Figure 2: Results showcasing C-BET's performance across MiniGrid environments, emphasizing significant success transfer and quick task completion.

Experimental Results

MiniGrid Experiments: C-BET's exploration policy, pretrained in multiple MiniGrid environments, outperformed state-of-the-art methods, achieving higher interaction success rates and goal accomplishment in new settings. Without extrinsic rewards during pre-training, C-BET's inherent understanding of exploration improved task-specific performance post-transfer.

Habitat Experiments: The transferability of C-BET was further validated in more complex, visually rich environments. The learning agent demonstrated superior scene coverage and state exploration compared to baseline methods, even when faced with new scenes that included unseen attributes.

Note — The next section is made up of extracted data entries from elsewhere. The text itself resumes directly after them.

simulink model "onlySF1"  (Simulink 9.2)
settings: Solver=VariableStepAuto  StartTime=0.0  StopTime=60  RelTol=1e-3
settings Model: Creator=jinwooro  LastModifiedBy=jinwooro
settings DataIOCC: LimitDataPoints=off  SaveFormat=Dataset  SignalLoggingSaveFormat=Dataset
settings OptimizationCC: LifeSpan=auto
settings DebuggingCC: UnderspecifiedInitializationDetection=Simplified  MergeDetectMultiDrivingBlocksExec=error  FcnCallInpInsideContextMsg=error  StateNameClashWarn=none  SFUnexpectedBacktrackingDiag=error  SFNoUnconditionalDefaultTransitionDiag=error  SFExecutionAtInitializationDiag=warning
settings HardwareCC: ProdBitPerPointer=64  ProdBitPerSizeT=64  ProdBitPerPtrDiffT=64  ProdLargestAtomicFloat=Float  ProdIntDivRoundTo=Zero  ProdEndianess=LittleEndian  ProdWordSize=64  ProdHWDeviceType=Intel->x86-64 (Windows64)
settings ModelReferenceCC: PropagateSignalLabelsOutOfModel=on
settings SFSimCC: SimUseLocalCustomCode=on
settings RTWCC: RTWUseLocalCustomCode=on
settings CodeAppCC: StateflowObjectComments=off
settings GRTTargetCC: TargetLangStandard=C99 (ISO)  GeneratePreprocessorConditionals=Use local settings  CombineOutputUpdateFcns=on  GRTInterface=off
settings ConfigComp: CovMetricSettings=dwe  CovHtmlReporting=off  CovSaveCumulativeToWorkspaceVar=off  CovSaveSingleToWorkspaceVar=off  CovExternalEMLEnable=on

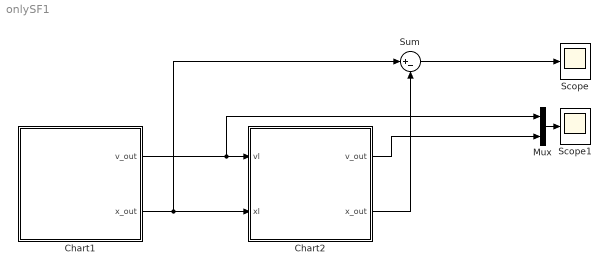
== system onlySF1 ==
  Chart1 : Stateflow chart  TreatAsAtomicUnit=on
  Chart2 : Stateflow chart  TreatAsAtomicUnit=on
  Mux : Mux  Inputs=2
  Scope : Scope
  Scope1 : Scope
  Sum : Sum  Inputs=|+-
  wires:
  Chart1/1(v_out) -> Mux/1, Chart2/1(vl)
  Chart1/2(x_out) -> Sum/1, Chart2/2(xl)
  Sum/1 -> Scope/1
  Chart2/2(x_out) -> Sum/2
  Mux/1 -> Scope1/1
  Chart2/1(v_out) -> Mux/2

== stateflow chart Chart2 ==
  settings: updateMethod=CONTINUOUS
  state LocB
    du:
    v_dot = 0;
    x_dot = 0;
    v_out = v;
    x_out = x;
  state LocA
    du:
    v_dot = 0.9 * (vl-v);
    x_dot = v;
    v_out = v;
    x_out = x;
  (default) -> LocA : {x = -25;
      | v = 0;}
  LocA -> LocB : [power(xl - x, 0.5) < 0]{v = 0;}
  data: v_out output double; vl input double; x_out output double; v local double; x local double; xl input double
  data vl settings: updateMethod=SF_CONTINUOUS_TIME_DATA
  data v settings: updateMethod=SF_CONTINUOUS_TIME_DATA
  data x settings: updateMethod=SF_CONTINUOUS_TIME_DATA
  data xl settings: updateMethod=SF_CONTINUOUS_TIME_DATA

== stateflow chart Chart1 ==
  settings: updateMethod=CONTINUOUS
  state LocB
    en:
    v = 25;
    du:
    v_dot = -2;
    x_dot = v;
    v_out = v;
    x_out = x;
  state LocA
    du:
    v_dot = 2;
    x_dot = v;
    v_out = v;
    x_out = x;
  (default) -> LocA : {x = 0;
      | v= 0;}
  LocA -> LocB : [v >= 25]
  LocB -> LocA : [v <= 13]
  data: v_out output double; x local double; x_out output double; v local double
  data x settings: updateMethod=SF_CONTINUOUS_TIME_DATA
  data v settings: updateMethod=SF_CONTINUOUS_TIME_DATA

Figure 3: Detailed scene coverage in Habitat tests, where the robustness of C-BET's transfer policy is highlighted through its ability to uniformly explore unfamiliar environments.

Implications and Future Directions

The findings underscore the potential of learning exploratory behaviors via accumulated experiences across diverse settings. Practically, C-BET can significantly heighten efficiency in applications such as autonomous navigation, where preliminary exploration is costly or impractical. Theoretically, the shift to environment-centric motivations could foster innovations in how models simulate and adapt to real-world complexities.

Future research may explore the implications of exploration policy transfer in domains with continuous state variables or detailed object interactions, potentially introducing additional mechanisms to handle environments with stochastic transitions or dynamic changes, which could further refine the efficacy and versatility of such task-agnostic exploration protocols.

Conclusion

In advancing the conceptual landscape of task-agnostic exploration, this work provides a sophisticated framework that blends intrinsic motivations with cross-environment learning strategies. Through C-BET, the potential for better integration of experience-driven learning in AI systems is illuminated, thereby paving the way for a more adaptive and context-aware generation of intelligent agents.